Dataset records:
..........

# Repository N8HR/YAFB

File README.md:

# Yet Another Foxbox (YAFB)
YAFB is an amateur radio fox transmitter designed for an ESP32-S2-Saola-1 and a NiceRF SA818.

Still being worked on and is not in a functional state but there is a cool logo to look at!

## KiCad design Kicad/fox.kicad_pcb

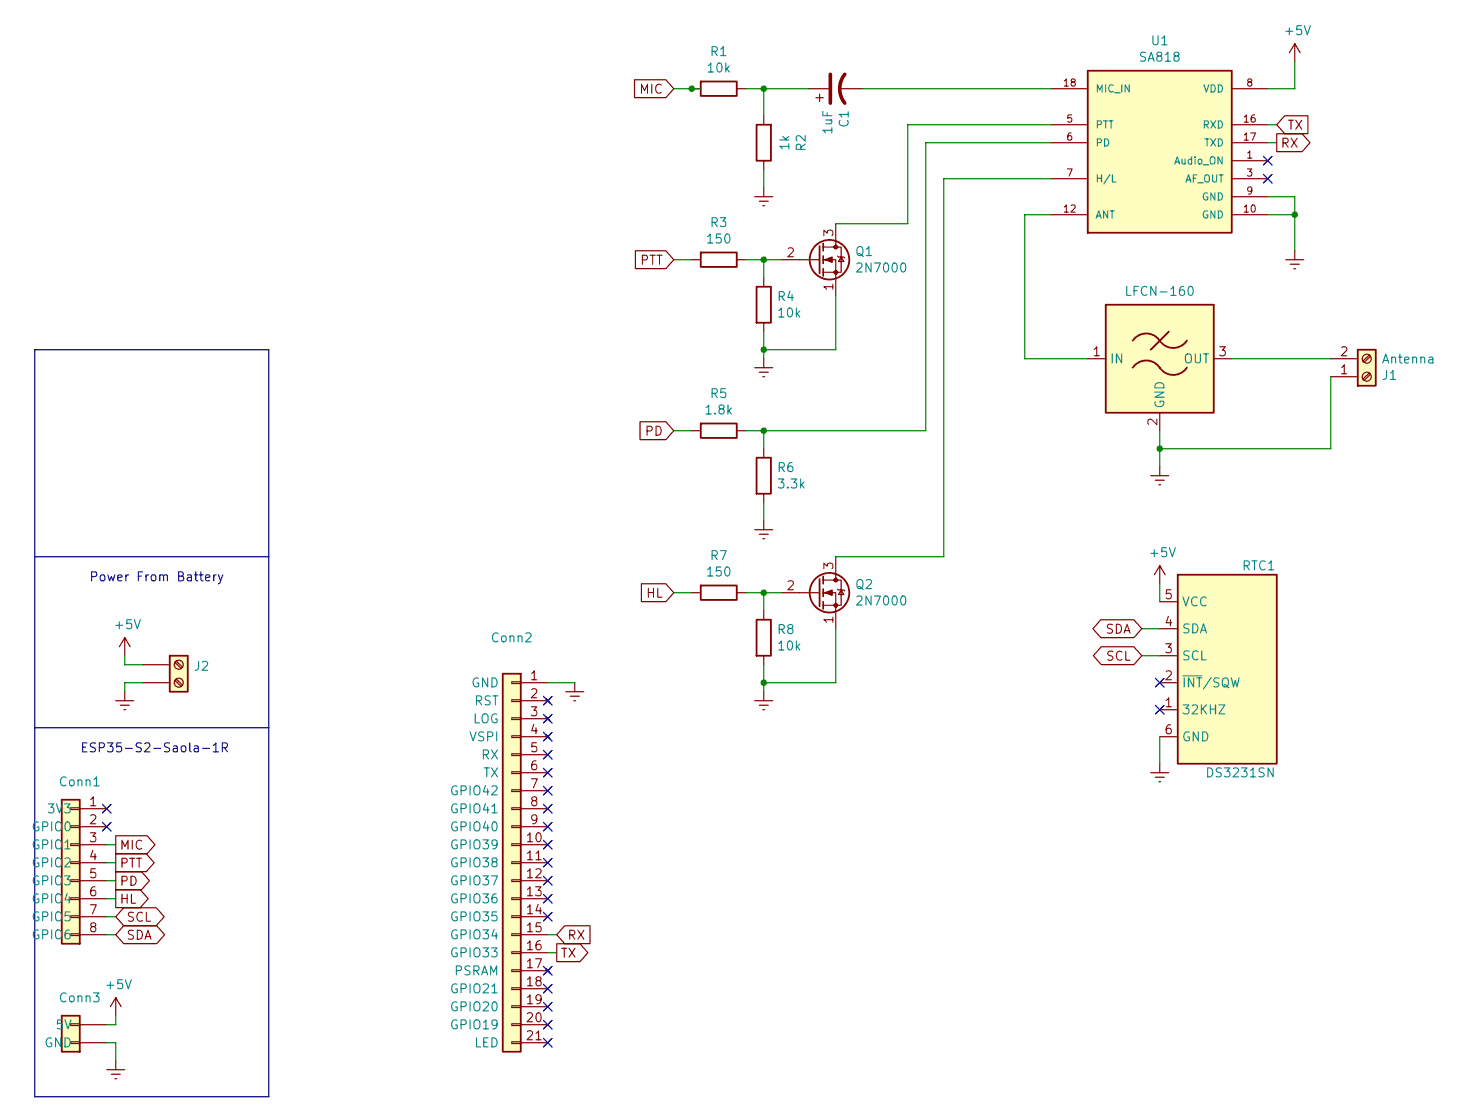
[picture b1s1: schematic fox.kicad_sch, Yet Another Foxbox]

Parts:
C1: 1uF; CP_Radial_D5.0mm_P2.50mm
Conn1: ESP32-S2-Saola-1R_GPIO_1; PinSocket_1x08_P2.54mm_Vertical
Conn2: ESP32-S2-Saola-1R_GPIO_2; PinSocket_1x21_P2.54mm_Vertical
Conn3: ESP32-S2-Saola-1R_Power; PinSocket_1x02_P2.54mm_Vertical
FL1: LFCN-160; Filter_Mini-Circuits_FV1206
J1: Antenna; OSTTA020161
J2: Power; OSTTA020161
Q1, Q2: 2N7000; TO-92_Inline_Wide
R1, R4, R8: 10k; R_Axial_DIN0207_L6.3mm_D2.5mm_P7.62mm_Horizontal
R2: 1k; R_Axial_DIN0207_L6.3mm_D2.5mm_P7.62mm_Horizontal
R3, R7: 150; R_Axial_DIN0207_L6.3mm_D2.5mm_P7.62mm_Horizontal
R5: 1.8k; R_Axial_DIN0207_L6.3mm_D2.5mm_P7.62mm_Horizontal
R6: 3.3k; R_Axial_DIN0207_L6.3mm_D2.5mm_P7.62mm_Horizontal
RTC1: DS3231SN
U1: SA818; DRA818; PART_REV 1.23

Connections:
+5V: Conn3.5v0 (5V), J2.1, RTC1.5 (VCC), U1.8 (VDD)
GNDREF: Conn2.1 (GND), Conn3.GND, FL1.2 (GND), FL1.4 (GND), J1.1, J2.2, Q1.1 (S), Q2.1 (S), R2.1, R4.2, R6.2, R8.2, RTC1.6 (GND), U1.9 (GND), U1.10 (GND)
HL: Conn1.6 (GPIO4), R7.2
MIC: Conn1.3 (GPIO1), R1.2
unnamed: C1.1, R1.1, R2.2
unnamed: C1.2, U1.18 (MIC_IN)
unnamed: FL1.1 (IN), U1.12 (ANT)
unnamed: FL1.3 (OUT), J1.2
unnamed: Q1.2 (G), R3.1, R4.1
unnamed: Q1.3 (D), U1.5 (PTT)
unnamed: Q2.2 (G), R7.1, R8.1
unnamed: Q2.3 (D), U1.7 (H/L)
unnamed: R5.1, R6.1, U1.6 (PD)
PD: Conn1.5 (GPIO3), R5.2
PTT: Conn1.4 (GPIO2), R3.2
RX: Conn2.15 (GPIO34), U1.17 (TXD)
SCL: Conn1.7 (GPIO5), RTC1.3 (SCL)
SDA: Conn1.8 (GPIO6), RTC1.4 (SDA)
TX: Conn2.16 (GPIO33), U1.16 (RXD)

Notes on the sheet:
ESP35-S2-Saola-1R
Power From Battery

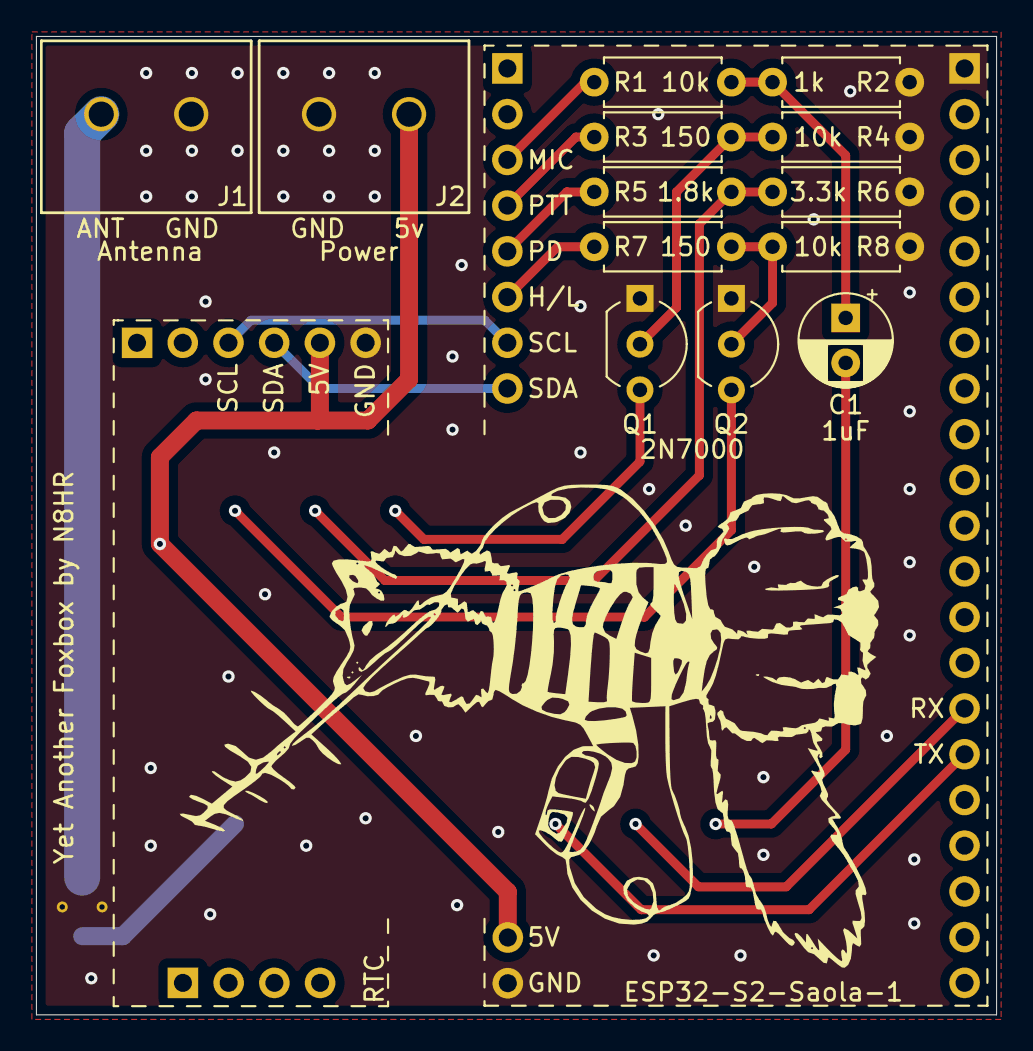
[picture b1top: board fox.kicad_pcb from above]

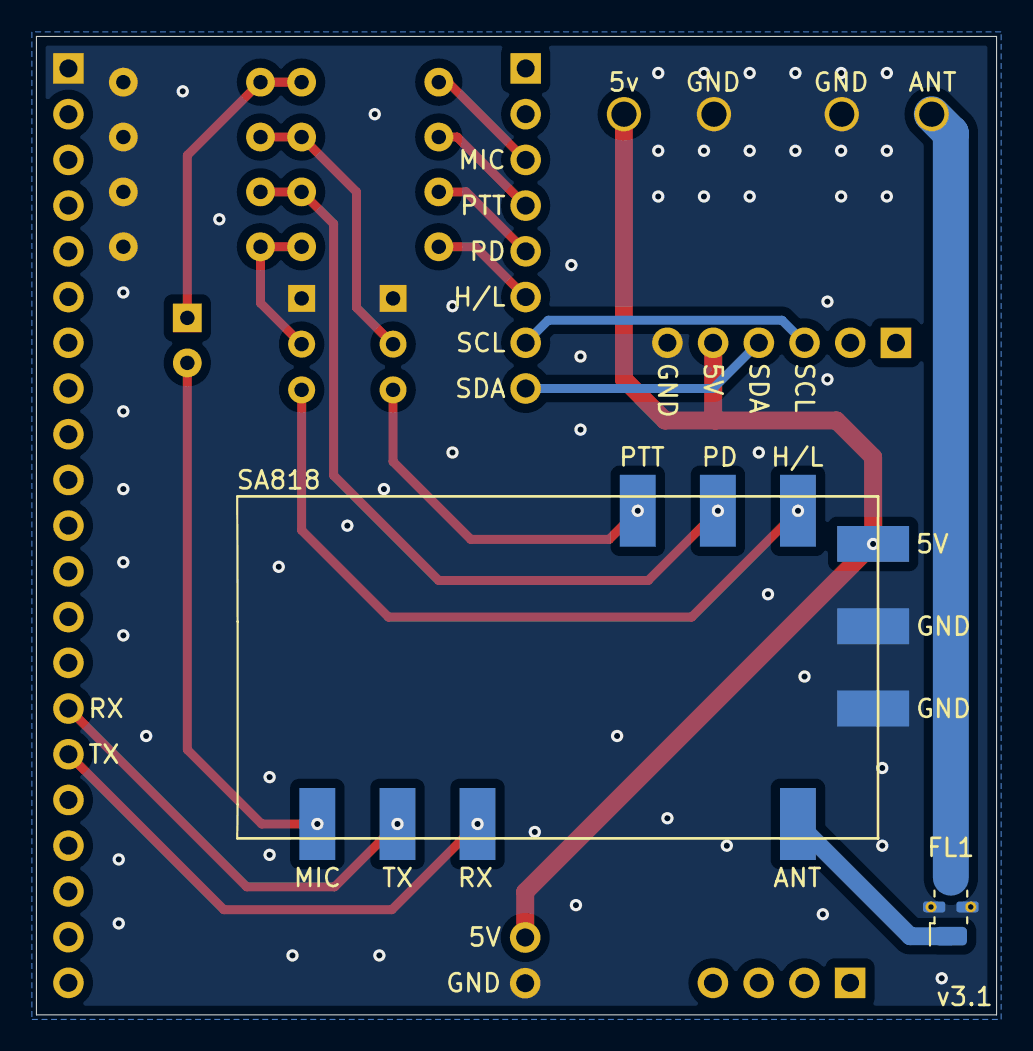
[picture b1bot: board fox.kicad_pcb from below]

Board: 2 copper layers, 53.3 x 54.4 mm, 19 parts (2 on the bottom side), 19 nets.

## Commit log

2021-02-02 Trying to figure out hot to set time/date
2021-02-25 added #include "soc/rtc_io_reg.h" to fix compile error
2021-02-25 added #include "soc/rtc_io_reg.h" to fix complie errors
2021-02-25 in onTimer() changed DacPin from 25,26 (esp32) to 17,18 (esp32-s2)
2021-02-25 changed TEMPLATE_PLACEHOLDER '~' instead of '%' to prevent conflict with css. ex: width: 100%
2021-03-12 Create LICENSE
2023-03-05 Add files via upload
    v3 of the PCB
2023-03-25 Added v3.1
2023-03-25 v3.1
2023-03-25 Made it prettier
2023-03-25 Changed from old callsign to new callsign
2023-03-25 Added Rough Draft of Parts Section
2023-03-25 Create LICENSE - Hardware
2023-03-25 Rename LICENSE to LICENSE - Software
2023-03-25 Added Licenses Section
2023-03-25 Changed license from GPL-3.0-only to GPL-3.0-or-later
2023-09-06 Changed GPL Header
2023-09-06 Updated and removed items for transition to v4
2023-09-06 Changed from WiFi to Bluetooth
2024-04-23 Revert "Add files via upload"
    This reverts commit d908514508931cefb2d773a01c08cfbc2e362328.
2024-04-23 Update README.md
    fix image alignment
2025-11-24 Update README.md
    Admit

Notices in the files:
parts and their libraries:
Copyright 2016 Accelerated Designs. All rights reserved.

..........

**WHAT YOU HAVE TO DO**
Count the lines in the records above that contain "Foxbox". Reply with the number only.

**OUTPUT BELOW**
2